Screening of the end game of The Traitors happened to coincide with the inauguration of the President of the USA, and it occurred to me that the programme is very good at testing your worldview and your beliefs about  how human beings can and should behave towards each other. 

Do you think that this devious and Machiavellian game of winners and losers accurately reflects the real world in which relationships are viewed primarily as transactional, in which you should trust no-one, always act in your own self interest and the devil take the hindmost?  If you need to cheat and lie, so be it. If you need to pretend to be trustworthy and then stab people in the back, so what? In this world the rules of the game, including the rule of law, are optional to someone with enough money, power or chutzpah to be above them. Altruism is a mug’s game because everyone should be playing the game of life to win.

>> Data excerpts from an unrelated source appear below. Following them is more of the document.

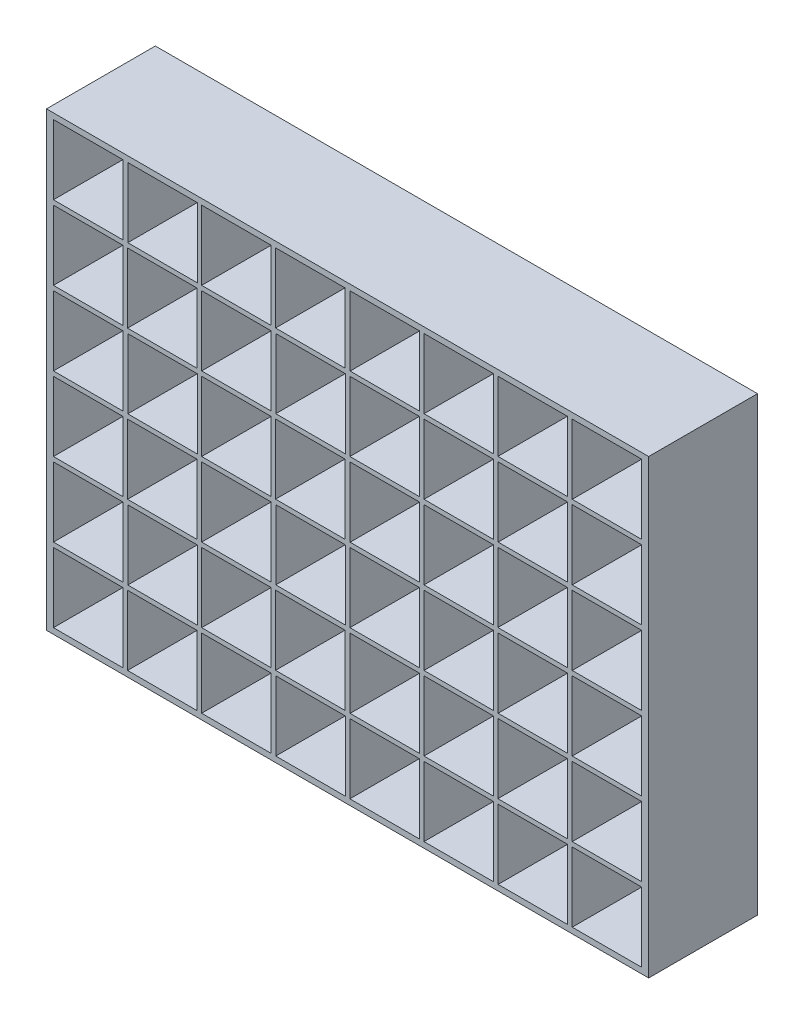
from build123d import *

# Parameters (mm, degrees)
SKETCH2_W           = 520
SKETCH2_H           = 390
SKETCH2_W_2         = 60
SKETCH2_H_2         = 60
BOSS_EXTRUDE1_DEPTH = 90
SKETCH5_W           = 520
SKETCH5_H           = 390
BOSS_EXTRUDE3_DEPTH = 4


with BuildPart() as part:
    # Sketch2 → Boss-Extrude1 (new body)
    with BuildSketch(Plane.XY):
        Rectangle(SKETCH2_W, SKETCH2_H)
        with Locations((224, 32)):
            Rectangle(SKETCH2_W_2, SKETCH2_H_2, mode=Mode.SUBTRACT)
        with Locations((32.19589717, 32)):
            Rectangle(SKETCH2_W_2, SKETCH2_H_2, mode=Mode.SUBTRACT)
        with Locations((96, 32)):
            Rectangle(SKETCH2_W_2, SKETCH2_H_2, mode=Mode.SUBTRACT)
        with Locations((159.80410283, 32)):
            Rectangle(SKETCH2_W_2, SKETCH2_H_2, mode=Mode.SUBTRACT)
        with Locations((-32.19589717, 32)):
            Rectangle(SKETCH2_W_2, SKETCH2_H_2, mode=Mode.SUBTRACT)
        with Locations((-159.80410283, 32)):
            Rectangle(SKETCH2_W_2, SKETCH2_H_2, mode=Mode.SUBTRACT)
        with Locations((-96, 32)):
            Rectangle(SKETCH2_W_2, SKETCH2_H_2, mode=Mode.SUBTRACT)
        with Locations((-224, 32)):
            Rectangle(SKETCH2_W_2, SKETCH2_H_2, mode=Mode.SUBTRACT)
        with Locations((-224, 160)):
            Rectangle(SKETCH2_W_2, SKETCH2_H_2, mode=Mode.SUBTRACT)
        with Locations((-159.80410283, 160)):
            Rectangle(SKETCH2_W_2, SKETCH2_H_2, mode=Mode.SUBTRACT)
        with Locations((-96, 160)):
            Rectangle(SKETCH2_W_2, SKETCH2_H_2, mode=Mode.SUBTRACT)
        with Locations((-32.19589717, 160)):
            Rectangle(SKETCH2_W_2, SKETCH2_H_2, mode=Mode.SUBTRACT)
        with Locations((32.19589717, 160)):
            Rectangle(SKETCH2_W_2, SKETCH2_H_2, mode=Mode.SUBTRACT)
        with Locations((96, 160)):
            Rectangle(SKETCH2_W_2, SKETCH2_H_2, mode=Mode.SUBTRACT)
        with Locations((159.80410283, 160)):
            Rectangle(SKETCH2_W_2, SKETCH2_H_2, mode=Mode.SUBTRACT)
        with Locations((224, 160)):
            Rectangle(SKETCH2_W_2, SKETCH2_H_2, mode=Mode.SUBTRACT)
        with Locations((-224, -96)):
            Rectangle(SKETCH2_W_2, SKETCH2_H_2, mode=Mode.SUBTRACT)
        with Locations((-159.80410283, -96)):
            Rectangle(SKETCH2_W_2, SKETCH2_H_2, mode=Mode.SUBTRACT)
        with Locations((-96, -96)):
            Rectangle(SKETCH2_W_2, SKETCH2_H_2, mode=Mode.SUBTRACT)
        with Locations((-32.19589717, -96)):
            Rectangle(SKETCH2_W_2, SKETCH2_H_2, mode=Mode.SUBTRACT)
        with Locations((32.19589717, -96)):
            Rectangle(SKETCH2_W_2, SKETCH2_H_2, mode=Mode.SUBTRACT)
        with Locations((96, -96)):
            Rectangle(SKETCH2_W_2, SKETCH2_H_2, mode=Mode.SUBTRACT)
        with Locations((159.80410283, -96)):
            Rectangle(SKETCH2_W_2, SKETCH2_H_2, mode=Mode.SUBTRACT)
        with Locations((224, -96)):
            Rectangle(SKETCH2_W_2, SKETCH2_H_2, mode=Mode.SUBTRACT)
        with Locations((-96, 96)):
            Rectangle(SKETCH2_W_2, SKETCH2_H_2, mode=Mode.SUBTRACT)
        with Locations((32, 96)):
            Rectangle(SKETCH2_W_2, SKETCH2_H_2, mode=Mode.SUBTRACT)
        with Locations((160, 96)):
            Rectangle(SKETCH2_W_2, SKETCH2_H_2, mode=Mode.SUBTRACT)
        with Locations((224, 96)):
            Rectangle(SKETCH2_W_2, SKETCH2_H_2, mode=Mode.SUBTRACT)
        with Locations((96, 96)):
            Rectangle(SKETCH2_W_2, SKETCH2_H_2, mode=Mode.SUBTRACT)
        with Locations((-32, 96)):
            Rectangle(SKETCH2_W_2, SKETCH2_H_2, mode=Mode.SUBTRACT)
        with Locations((-224, 96)):
            Rectangle(SKETCH2_W_2, SKETCH2_H_2, mode=Mode.SUBTRACT)
        with Locations((-160, 96)):
            Rectangle(SKETCH2_W_2, SKETCH2_H_2, mode=Mode.SUBTRACT)
        with Locations((-224, -32)):
            Rectangle(SKETCH2_W_2, SKETCH2_H_2, mode=Mode.SUBTRACT)
        with Locations((-160, -32)):
            Rectangle(SKETCH2_W_2, SKETCH2_H_2, mode=Mode.SUBTRACT)
        with Locations((-96, -32)):
            Rectangle(SKETCH2_W_2, SKETCH2_H_2, mode=Mode.SUBTRACT)
        with Locations((-32, -32)):
            Rectangle(SKETCH2_W_2, SKETCH2_H_2, mode=Mode.SUBTRACT)
        with Locations((32, -32)):
            Rectangle(SKETCH2_W_2, SKETCH2_H_2, mode=Mode.SUBTRACT)
        with Locations((96, -32)):
            Rectangle(SKETCH2_W_2, SKETCH2_H_2, mode=Mode.SUBTRACT)
        with Locations((160, -32)):
            Rectangle(SKETCH2_W_2, SKETCH2_H_2, mode=Mode.SUBTRACT)
        with Locations((224, -32)):
            Rectangle(SKETCH2_W_2, SKETCH2_H_2, mode=Mode.SUBTRACT)
        with Locations((-224, -160)):
            Rectangle(SKETCH2_W_2, SKETCH2_H_2, mode=Mode.SUBTRACT)
        with Locations((-160, -160)):
            Rectangle(SKETCH2_W_2, SKETCH2_H_2, mode=Mode.SUBTRACT)
        with Locations((-96, -160)):
            Rectangle(SKETCH2_W_2, SKETCH2_H_2, mode=Mode.SUBTRACT)
        with Locations((-32, -160)):
            Rectangle(SKETCH2_W_2, SKETCH2_H_2, mode=Mode.SUBTRACT)
        with Locations((96, -160)):
            Rectangle(SKETCH2_W_2, SKETCH2_H_2, mode=Mode.SUBTRACT)
        with Locations((160, -160)):
            Rectangle(SKETCH2_W_2, SKETCH2_H_2, mode=Mode.SUBTRACT)
        with Locations((224, -160)):
            Rectangle(SKETCH2_W_2, SKETCH2_H_2, mode=Mode.SUBTRACT)
        with Locations((32, -160)):
            Rectangle(SKETCH2_W_2, SKETCH2_H_2, mode=Mode.SUBTRACT)
    extrude(amount=BOSS_EXTRUDE1_DEPTH)

    # Sketch5 → Boss-Extrude3 (add)
    with BuildSketch(Plane(origin=(0, 0, 0), x_dir=(-1, 0, 0), z_dir=(0, 0, -1))):
        Rectangle(SKETCH5_W, SKETCH5_H)
    extrude(amount=BOSS_EXTRUDE3_DEPTH)


solid = part.part

Or perhaps, like me, you see the world through a different lens? One in which you have taught your children and grandchildren that relationships of all kinds are never purely about short term reciprocity, but are also about mutual cooperation, mutual trust and mutual benefit? That lying is wrong and, as people, we need to be reliable, trustworthy and follow through on our promises and commitments? That a rules based system backed by laws has helped the human race to move past the ‘dog eat dog’ ruthless phase of development to a deeper level of understanding that without compromise, negotiation and some kind of ‘win-win’ outcomes, then we are all doomed to suffer the consequences?

It has often been said of the newly inaugurated President that his dealings with people are predominantly transactional rather than relational because he values reciprocity and loyalty much more than friendship. For the next four years, the person leading the most powerful country in the world is someone who made his name in a reality television show - The Apprentice - which, like The Traitors, values and rewards transactional behaviour and has only one winner. 

I suspect that in the game of life, the 47th President has always cast himself as the Supreme Victor Ludorum, which, unfortunately, casts all of the rest of us as either Faithfuls or Losers. Unfortunately, unlike The Traitors, this is not a game. It’s deadly serious.